Critical Space Archive

直島の秋
 三月に続き、十一月初めに再び直島を訪れて、「スタンダード」展を見た。瀬戸大橋の東方に位置するこの島には、安藤忠雄の設計した世界最高水準の美術館ホテル(ベネッセハウス)があり、本村(ほんむら)という集落の古い民家をアーティストが甦らせる「家プロジェクト」がゆっくりと進行しているが、今回は、フェリーの発着港である宮の浦や、大正時代から銅の精錬が行なわれてきた三菱マテリアルの工場地帯でも、13人のアーティストたちの作品が展示された。ピクチャレスクな前近代の空間から、産業資本主義の爪痕を残す近代の空間へと、さらなる一歩を踏み出したわけだ。その結果はきわめて興味深いものだった。

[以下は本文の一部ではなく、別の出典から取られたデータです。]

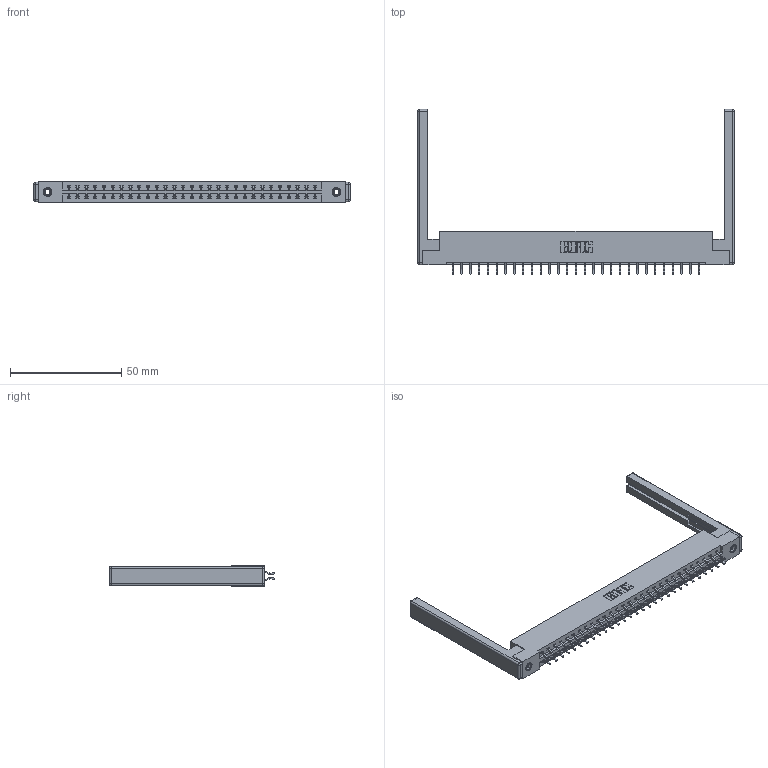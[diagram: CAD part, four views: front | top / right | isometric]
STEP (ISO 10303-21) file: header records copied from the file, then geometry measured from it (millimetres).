
FILE_DESCRIPTION (( 'STEP AP203' ), '1' );
FILE_NAME ('337-058-556-268.STEP', '2019-10-09T19:59:11', ( '' ), ( '' ), 'SwSTEP 2.0', 'SolidWorks 2016', '' );
FILE_SCHEMA (( 'CONFIG_CONTROL_DESIGN' ));
Length unit declared in the file: inch
Products named in the file (5): 337 Part_Flush Mounting Lugs - 0.156 Dia-TI; 307-220-068; 345-250-001_345-250-001-102; 337-058-556-268; 345-292-001_556 Tail
Assembly tree (63 placements, depth 2):
  337-058-556-268
    337 Part_Flush Mounting Lugs - 0.156 Dia-TI
    345-292-001_556 Tail  x58
    345-250-001_345-250-001-102  x2
    307-220-068  x2
Bounding box: 142.34 x 74.31 x 9.4 mm (x, y, z)
Volume: 19210.5 mm3; surface area: 20607.4 mm2
Topology: 63 solids, 63 shells, 3748 faces, 11083 edges, 7290 vertices
Faces by surface type: plane 2594, cylinder 1130, cone 12, sphere 8, torus 4
Entity records: 27146 total; most frequent: CARTESIAN_POINT 4563, ORIENTED_EDGE 4476, DIRECTION 3964, EDGE_CURVE 2238, VECTOR 2052, LINE 2052, VERTEX_POINT 1482, AXIS2_PLACEMENT_3D 956
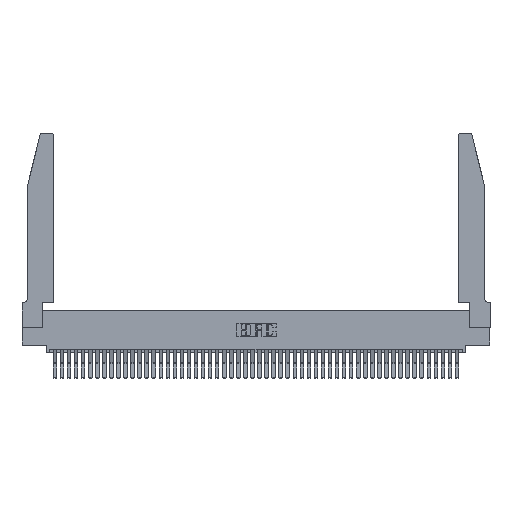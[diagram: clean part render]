
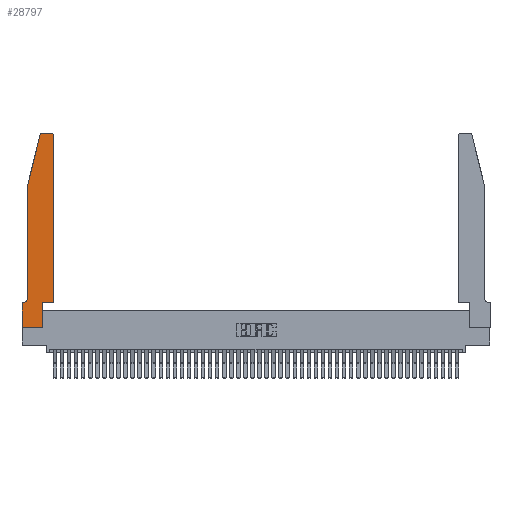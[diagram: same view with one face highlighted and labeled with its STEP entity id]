
A CAD part, top view. The second image highlights one B-rep face of the part: STEP entity #28797.
In plain terms, the highlighted planar face has unit normal (0, 0, 1).
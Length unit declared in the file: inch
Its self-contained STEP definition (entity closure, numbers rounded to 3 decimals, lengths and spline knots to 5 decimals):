
#1372 = VERTEX_POINT ( 'NONE', #6010 ) ;
#1614 = ORIENTED_EDGE ( 'NONE', *, *, #2704, .T. ) ;
#1900 = CARTESIAN_POINT ( 'NONE',  ( 0.0755, 2., 0.37 ) ) ;
#2406 = DIRECTION ( 'NONE',  ( 0., 1., 0. ) ) ;
#2466 = CIRCLE ( 'NONE', #29813, 0.03 ) ;
#2704 = EDGE_CURVE ( 'NONE', #30769, #17050, #47218, .T. ) ;
#2887 = DIRECTION ( 'NONE',  ( 1., 0., 0. ) ) ;
#3787 = AXIS2_PLACEMENT_3D ( 'NONE', #25275, #24947, #2887 ) ;
#5443 = CARTESIAN_POINT ( 'NONE',  ( 0., 0.35, 0.37 ) ) ;
#5448 = DIRECTION ( 'NONE',  ( 0., 0., 1. ) ) ;
#5683 = CARTESIAN_POINT ( 'NONE',  ( 0.0755, 0.42, 0.37 ) ) ;
#6010 = CARTESIAN_POINT ( 'NONE',  ( 0.25487, 2.72718, 0.37 ) ) ;
#6392 = EDGE_LOOP ( 'NONE', ( #30301, #28428, #46781, #9233, #13930, #23893, #7700, #17670, #20053, #44987, #1614, #30160 ) ) ;
#7077 = VERTEX_POINT ( 'NONE', #10699 ) ;
#7098 = CARTESIAN_POINT ( 'NONE',  ( 0.0055, 0.35, 0.37 ) ) ;
#7153 = LINE ( 'NONE', #9588, #45726 ) ;
#7321 = CARTESIAN_POINT ( 'NONE',  ( 0.4505, 0.35, 0.37 ) ) ;
#7700 = ORIENTED_EDGE ( 'NONE', *, *, #28766, .T. ) ;
#7863 = CARTESIAN_POINT ( 'NONE',  ( 0.0755, 2., 0.37 ) ) ;
#7989 = DIRECTION ( 'NONE',  ( 1., 0., 0. ) ) ;
#8630 = CARTESIAN_POINT ( 'NONE',  ( 0.4505, 0.35, 0.37 ) ) ;
#9233 = ORIENTED_EDGE ( 'NONE', *, *, #14662, .T. ) ;
#9588 = CARTESIAN_POINT ( 'NONE',  ( 0.0755, 0.35, 0.37 ) ) ;
#10492 = VERTEX_POINT ( 'NONE', #5683 ) ;
#10699 = CARTESIAN_POINT ( 'NONE',  ( 0.2865, 0.35, 0.37 ) ) ;
#11103 = CIRCLE ( 'NONE', #24543, 0.03 ) ;
#12050 = EDGE_CURVE ( 'NONE', #25304, #47668, #7153, .T. ) ;
#12262 = DIRECTION ( 'NONE',  ( 0., 0., 1. ) ) ;
#12908 = DIRECTION ( 'NONE',  ( -1., 0., 0. ) ) ;
#13930 = ORIENTED_EDGE ( 'NONE', *, *, #19610, .T. ) ;
#14662 = EDGE_CURVE ( 'NONE', #18091, #10492, #25565, .T. ) ;
#16362 = CARTESIAN_POINT ( 'NONE',  ( 0.284, 2.72, 0.37 ) ) ;
#17050 = VERTEX_POINT ( 'NONE', #21884 ) ;
#17633 = DIRECTION ( 'NONE',  ( 0., -1., 0. ) ) ;
#17670 = ORIENTED_EDGE ( 'NONE', *, *, #18454, .T. ) ;
#18091 = VERTEX_POINT ( 'NONE', #7863 ) ;
#18454 = EDGE_CURVE ( 'NONE', #24336, #24800, #26849, .T. ) ;
#18586 = LINE ( 'NONE', #19390, #33798 ) ;
#19390 = CARTESIAN_POINT ( 'NONE',  ( 0., 0., 0.37 ) ) ;
#19610 = EDGE_CURVE ( 'NONE', #10492, #25304, #20868, .T. ) ;
#19651 = LINE ( 'NONE', #47023, #43529 ) ;
#20053 = ORIENTED_EDGE ( 'NONE', *, *, #22748, .T. ) ;
#20378 = LINE ( 'NONE', #1900, #24448 ) ;
#20868 = CIRCLE ( 'NONE', #39105, 0.07 ) ;
#21729 = DIRECTION ( 'NONE',  ( 0., 1., 0. ) ) ;
#21884 = CARTESIAN_POINT ( 'NONE',  ( 0.4505, 2.72, 0.37 ) ) ;
#22748 = EDGE_CURVE ( 'NONE', #24800, #7077, #24082, .T. ) ;
#23888 = VECTOR ( 'NONE', #21729, 39.37008 ) ;
#23893 = ORIENTED_EDGE ( 'NONE', *, *, #12050, .T. ) ;
#24044 = CARTESIAN_POINT ( 'NONE',  ( 0.4205, 2.72, 0.37 ) ) ;
#24082 = LINE ( 'NONE', #28554, #32835 ) ;
#24336 = VERTEX_POINT ( 'NONE', #26707 ) ;
#24448 = VECTOR ( 'NONE', #35902, 39.37008 ) ;
#24543 = AXIS2_PLACEMENT_3D ( 'NONE', #24044, #5448, #42332 ) ;
#24800 = VERTEX_POINT ( 'NONE', #27828 ) ;
#24917 = VERTEX_POINT ( 'NONE', #48180 ) ;
#24947 = DIRECTION ( 'NONE',  ( 0., 0., 1. ) ) ;
#25251 = VECTOR ( 'NONE', #7989, 39.37008 ) ;
#25275 = CARTESIAN_POINT ( 'NONE',  ( 0., 0.35, 0.37 ) ) ;
#25304 = VERTEX_POINT ( 'NONE', #7098 ) ;
#25436 = CARTESIAN_POINT ( 'NONE',  ( 0.284, 2.75, 0.37 ) ) ;
#25565 = LINE ( 'NONE', #39829, #30323 ) ;
#26707 = CARTESIAN_POINT ( 'NONE',  ( 0., 0., 0.37 ) ) ;
#26849 = LINE ( 'NONE', #45242, #40810 ) ;
#27806 = DIRECTION ( 'NONE',  ( -1., 0., 0. ) ) ;
#27828 = CARTESIAN_POINT ( 'NONE',  ( 0.2865, 0., 0.37 ) ) ;
#28412 = EDGE_CURVE ( 'NONE', #1372, #18091, #20378, .T. ) ;
#28428 = ORIENTED_EDGE ( 'NONE', *, *, #37202, .T. ) ;
#28554 = CARTESIAN_POINT ( 'NONE',  ( 0.2865, 0.35, 0.37 ) ) ;
#28766 = EDGE_CURVE ( 'NONE', #47668, #24336, #18586, .T. ) ;
#28797 = ADVANCED_FACE ( 'NONE', ( #34225 ), #47152, .T. ) ;
#29813 = AXIS2_PLACEMENT_3D ( 'NONE', #16362, #12262, #30892 ) ;
#30160 = ORIENTED_EDGE ( 'NONE', *, *, #41044, .T. ) ;
#30301 = ORIENTED_EDGE ( 'NONE', *, *, #35026, .T. ) ;
#30323 = VECTOR ( 'NONE', #17633, 39.37008 ) ;
#30498 = VERTEX_POINT ( 'NONE', #25436 ) ;
#30769 = VERTEX_POINT ( 'NONE', #8630 ) ;
#30892 = DIRECTION ( 'NONE',  ( 1., 0., 0. ) ) ;
#32143 = DIRECTION ( 'NONE',  ( -1., 0., 0. ) ) ;
#32835 = VECTOR ( 'NONE', #2406, 39.37008 ) ;
#33798 = VECTOR ( 'NONE', #34435, 39.37008 ) ;
#34225 = FACE_OUTER_BOUND ( 'NONE', #6392, .T. ) ;
#34435 = DIRECTION ( 'NONE',  ( 0., -1., 0. ) ) ;
#34644 = DIRECTION ( 'NONE',  ( 0., 0., -1. ) ) ;
#35026 = EDGE_CURVE ( 'NONE', #24917, #30498, #19651, .T. ) ;
#35902 = DIRECTION ( 'NONE',  ( -0.239, -0.971, 0. ) ) ;
#37202 = EDGE_CURVE ( 'NONE', #30498, #1372, #2466, .T. ) ;
#37275 = CARTESIAN_POINT ( 'NONE',  ( 0.4505, 0.35, 0.37 ) ) ;
#38552 = CARTESIAN_POINT ( 'NONE',  ( 0.0055, 0.42, 0.37 ) ) ;
#39105 = AXIS2_PLACEMENT_3D ( 'NONE', #38552, #34644, #12908 ) ;
#39819 = LINE ( 'NONE', #7321, #25251 ) ;
#39829 = CARTESIAN_POINT ( 'NONE',  ( 0.0755, 2., 0.37 ) ) ;
#40026 = EDGE_CURVE ( 'NONE', #7077, #30769, #39819, .T. ) ;
#40810 = VECTOR ( 'NONE', #44901, 39.37008 ) ;
#41044 = EDGE_CURVE ( 'NONE', #17050, #24917, #11103, .T. ) ;
#42332 = DIRECTION ( 'NONE',  ( 1., 0., 0. ) ) ;
#43529 = VECTOR ( 'NONE', #27806, 39.37008 ) ;
#44901 = DIRECTION ( 'NONE',  ( 1., 0., 0. ) ) ;
#44987 = ORIENTED_EDGE ( 'NONE', *, *, #40026, .T. ) ;
#45242 = CARTESIAN_POINT ( 'NONE',  ( 0., 0., 0.37 ) ) ;
#45726 = VECTOR ( 'NONE', #32143, 39.37008 ) ;
#46781 = ORIENTED_EDGE ( 'NONE', *, *, #28412, .T. ) ;
#47023 = CARTESIAN_POINT ( 'NONE',  ( 0.2605, 2.75, 0.37 ) ) ;
#47152 = PLANE ( 'NONE',  #3787 ) ;
#47218 = LINE ( 'NONE', #37275, #23888 ) ;
#47668 = VERTEX_POINT ( 'NONE', #5443 ) ;
#48180 = CARTESIAN_POINT ( 'NONE',  ( 0.4205, 2.75, 0.37 ) ) ;

 港に着くと、「島」というネオンサインが目に入る。かつて「日本ゼロ年」展で大竹伸郎が水戸芸術館に掲げた「宇和島駅」というサインから「島」の字を転用したものだ。それに惹かれて路地に入った観客は、このアーティストが港に残る昔の雑貨屋をそのまま自分の空間に作り変えた「落合商店」に出くわすことになる。97歳の女性の経営していた商店に残る雑貨と、大竹伸朗の持ち込んだ雑多なオブジェが渾然一体となってつくりだす、古いようで新しい、日本的なようでポップな空間。まさしくこの作家の独壇場と言うべきだろう。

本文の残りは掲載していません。